ASSIGNED TASK: What is needed is an exact repetition of the lines below, from the first one through the one holding "#6=PRODUCT_DEFINITION_FORMATION('','',#4);", with no pictures and nothing else.

DATA FOR REVIEW:
-=-=-

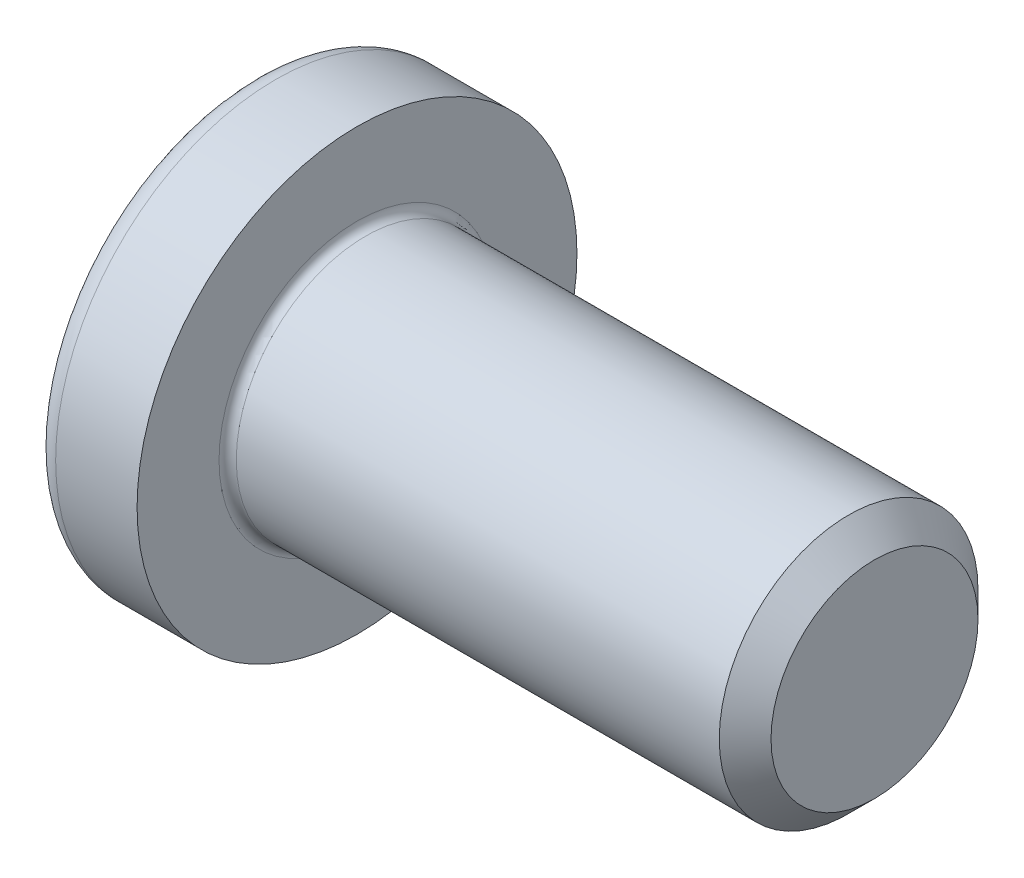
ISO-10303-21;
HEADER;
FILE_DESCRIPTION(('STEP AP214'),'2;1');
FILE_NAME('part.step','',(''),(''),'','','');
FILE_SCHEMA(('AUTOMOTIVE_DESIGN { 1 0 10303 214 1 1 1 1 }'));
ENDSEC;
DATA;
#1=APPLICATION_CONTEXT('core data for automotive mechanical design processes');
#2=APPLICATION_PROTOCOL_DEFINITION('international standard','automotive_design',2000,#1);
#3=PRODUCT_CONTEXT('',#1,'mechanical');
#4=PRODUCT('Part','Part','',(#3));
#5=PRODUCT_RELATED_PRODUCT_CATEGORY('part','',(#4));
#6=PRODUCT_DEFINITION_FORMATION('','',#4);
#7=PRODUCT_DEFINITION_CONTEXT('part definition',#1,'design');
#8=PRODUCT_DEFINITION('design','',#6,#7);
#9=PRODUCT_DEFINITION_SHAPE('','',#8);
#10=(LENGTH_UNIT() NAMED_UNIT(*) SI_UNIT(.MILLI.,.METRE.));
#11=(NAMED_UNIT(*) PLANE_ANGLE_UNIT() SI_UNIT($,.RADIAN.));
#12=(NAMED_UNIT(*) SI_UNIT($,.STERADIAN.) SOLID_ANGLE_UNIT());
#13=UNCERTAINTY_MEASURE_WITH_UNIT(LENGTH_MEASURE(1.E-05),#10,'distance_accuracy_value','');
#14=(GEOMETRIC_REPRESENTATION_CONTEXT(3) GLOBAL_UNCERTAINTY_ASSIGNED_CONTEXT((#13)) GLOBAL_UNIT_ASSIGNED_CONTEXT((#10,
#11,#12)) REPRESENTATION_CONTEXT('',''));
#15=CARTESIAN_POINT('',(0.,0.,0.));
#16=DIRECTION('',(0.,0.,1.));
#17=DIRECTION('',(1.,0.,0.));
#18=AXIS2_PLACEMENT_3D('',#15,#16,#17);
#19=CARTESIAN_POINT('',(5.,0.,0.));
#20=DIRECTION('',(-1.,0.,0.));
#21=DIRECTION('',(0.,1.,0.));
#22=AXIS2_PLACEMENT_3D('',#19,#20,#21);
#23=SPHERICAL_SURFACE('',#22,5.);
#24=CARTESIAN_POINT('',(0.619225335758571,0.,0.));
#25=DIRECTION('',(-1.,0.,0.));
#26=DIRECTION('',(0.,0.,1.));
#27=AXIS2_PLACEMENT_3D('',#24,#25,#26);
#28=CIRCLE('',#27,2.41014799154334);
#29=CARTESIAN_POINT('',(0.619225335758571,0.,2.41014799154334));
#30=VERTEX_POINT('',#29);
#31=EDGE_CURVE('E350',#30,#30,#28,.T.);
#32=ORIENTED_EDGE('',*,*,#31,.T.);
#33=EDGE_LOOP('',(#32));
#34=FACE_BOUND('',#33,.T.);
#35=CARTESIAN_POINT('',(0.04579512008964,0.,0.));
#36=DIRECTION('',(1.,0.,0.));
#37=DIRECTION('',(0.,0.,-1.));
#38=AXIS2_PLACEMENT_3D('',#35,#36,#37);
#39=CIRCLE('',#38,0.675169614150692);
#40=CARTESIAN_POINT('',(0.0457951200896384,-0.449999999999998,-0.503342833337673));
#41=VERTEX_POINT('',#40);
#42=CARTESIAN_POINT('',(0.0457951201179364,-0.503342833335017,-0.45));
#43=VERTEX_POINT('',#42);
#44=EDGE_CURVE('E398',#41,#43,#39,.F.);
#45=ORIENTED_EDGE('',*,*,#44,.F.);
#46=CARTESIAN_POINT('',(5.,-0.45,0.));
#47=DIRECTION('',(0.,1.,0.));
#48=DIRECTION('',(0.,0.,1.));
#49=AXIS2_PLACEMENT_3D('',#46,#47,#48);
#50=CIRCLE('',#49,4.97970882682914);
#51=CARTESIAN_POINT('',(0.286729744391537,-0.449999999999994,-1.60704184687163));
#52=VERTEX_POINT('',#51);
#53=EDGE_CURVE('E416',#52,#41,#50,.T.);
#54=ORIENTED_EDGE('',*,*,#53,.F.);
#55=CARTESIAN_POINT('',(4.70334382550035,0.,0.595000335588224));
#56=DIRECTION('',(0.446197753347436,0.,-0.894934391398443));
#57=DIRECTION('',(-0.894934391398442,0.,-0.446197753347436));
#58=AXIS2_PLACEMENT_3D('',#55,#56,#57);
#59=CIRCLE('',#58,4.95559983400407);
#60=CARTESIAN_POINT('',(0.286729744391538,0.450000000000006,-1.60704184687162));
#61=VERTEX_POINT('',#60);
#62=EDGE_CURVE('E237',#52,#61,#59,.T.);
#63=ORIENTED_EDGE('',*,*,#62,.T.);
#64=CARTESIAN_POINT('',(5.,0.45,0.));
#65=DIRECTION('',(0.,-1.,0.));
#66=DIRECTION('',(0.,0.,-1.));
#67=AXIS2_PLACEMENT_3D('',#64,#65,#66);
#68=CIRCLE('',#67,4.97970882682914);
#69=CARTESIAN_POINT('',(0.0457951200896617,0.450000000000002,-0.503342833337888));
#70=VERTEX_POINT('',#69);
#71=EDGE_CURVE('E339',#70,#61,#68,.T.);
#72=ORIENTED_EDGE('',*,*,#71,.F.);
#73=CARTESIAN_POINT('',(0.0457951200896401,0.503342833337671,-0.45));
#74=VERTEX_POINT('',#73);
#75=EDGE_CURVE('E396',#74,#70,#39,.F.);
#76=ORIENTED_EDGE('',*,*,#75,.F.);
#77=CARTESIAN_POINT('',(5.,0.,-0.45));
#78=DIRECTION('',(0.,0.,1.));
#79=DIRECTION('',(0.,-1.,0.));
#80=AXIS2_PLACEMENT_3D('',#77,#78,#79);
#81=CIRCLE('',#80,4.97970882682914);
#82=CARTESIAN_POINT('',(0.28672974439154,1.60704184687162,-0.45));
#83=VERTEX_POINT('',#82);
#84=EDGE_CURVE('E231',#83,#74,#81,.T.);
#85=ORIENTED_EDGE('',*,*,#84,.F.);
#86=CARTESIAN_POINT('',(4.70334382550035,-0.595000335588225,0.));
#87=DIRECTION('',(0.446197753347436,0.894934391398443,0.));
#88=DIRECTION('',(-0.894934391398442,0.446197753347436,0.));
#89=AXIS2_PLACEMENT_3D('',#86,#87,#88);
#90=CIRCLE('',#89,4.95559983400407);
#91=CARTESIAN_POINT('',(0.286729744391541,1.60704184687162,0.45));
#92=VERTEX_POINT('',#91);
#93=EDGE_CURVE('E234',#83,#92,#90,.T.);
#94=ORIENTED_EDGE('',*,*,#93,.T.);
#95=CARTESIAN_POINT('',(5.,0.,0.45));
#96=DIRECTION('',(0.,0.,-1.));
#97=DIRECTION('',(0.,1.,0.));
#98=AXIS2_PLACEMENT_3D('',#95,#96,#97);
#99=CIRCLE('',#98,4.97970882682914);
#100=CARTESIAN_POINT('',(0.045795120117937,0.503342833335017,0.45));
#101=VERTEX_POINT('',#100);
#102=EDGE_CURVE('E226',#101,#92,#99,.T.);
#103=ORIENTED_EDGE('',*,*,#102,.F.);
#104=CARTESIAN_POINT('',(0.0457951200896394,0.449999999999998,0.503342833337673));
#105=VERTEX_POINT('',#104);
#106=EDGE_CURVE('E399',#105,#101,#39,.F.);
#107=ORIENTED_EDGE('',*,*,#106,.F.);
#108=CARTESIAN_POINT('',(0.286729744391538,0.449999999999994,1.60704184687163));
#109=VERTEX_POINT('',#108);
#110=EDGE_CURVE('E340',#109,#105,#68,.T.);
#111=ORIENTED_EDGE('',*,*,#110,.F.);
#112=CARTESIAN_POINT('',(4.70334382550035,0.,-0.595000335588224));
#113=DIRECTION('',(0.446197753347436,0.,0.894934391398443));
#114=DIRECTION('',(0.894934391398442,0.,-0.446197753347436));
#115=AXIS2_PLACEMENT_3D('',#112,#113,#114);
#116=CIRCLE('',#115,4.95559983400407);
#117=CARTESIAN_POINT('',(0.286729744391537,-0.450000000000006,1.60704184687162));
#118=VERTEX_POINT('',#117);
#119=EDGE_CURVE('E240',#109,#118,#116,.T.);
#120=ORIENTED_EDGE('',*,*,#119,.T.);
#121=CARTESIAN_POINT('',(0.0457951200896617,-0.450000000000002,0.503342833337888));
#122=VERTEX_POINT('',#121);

-=-=-

ANSWER FOR THE TASK:
ISO-10303-21;
HEADER;
FILE_DESCRIPTION(('STEP AP214'),'2;1');
FILE_NAME('part.step','',(''),(''),'','','');
FILE_SCHEMA(('AUTOMOTIVE_DESIGN { 1 0 10303 214 1 1 1 1 }'));
ENDSEC;
DATA;
#1=APPLICATION_CONTEXT('core data for automotive mechanical design processes');
#2=APPLICATION_PROTOCOL_DEFINITION('international standard','automotive_design',2000,#1);
#3=PRODUCT_CONTEXT('',#1,'mechanical');
#4=PRODUCT('Part','Part','',(#3));
#5=PRODUCT_RELATED_PRODUCT_CATEGORY('part','',(#4));
#6=PRODUCT_DEFINITION_FORMATION('','',#4);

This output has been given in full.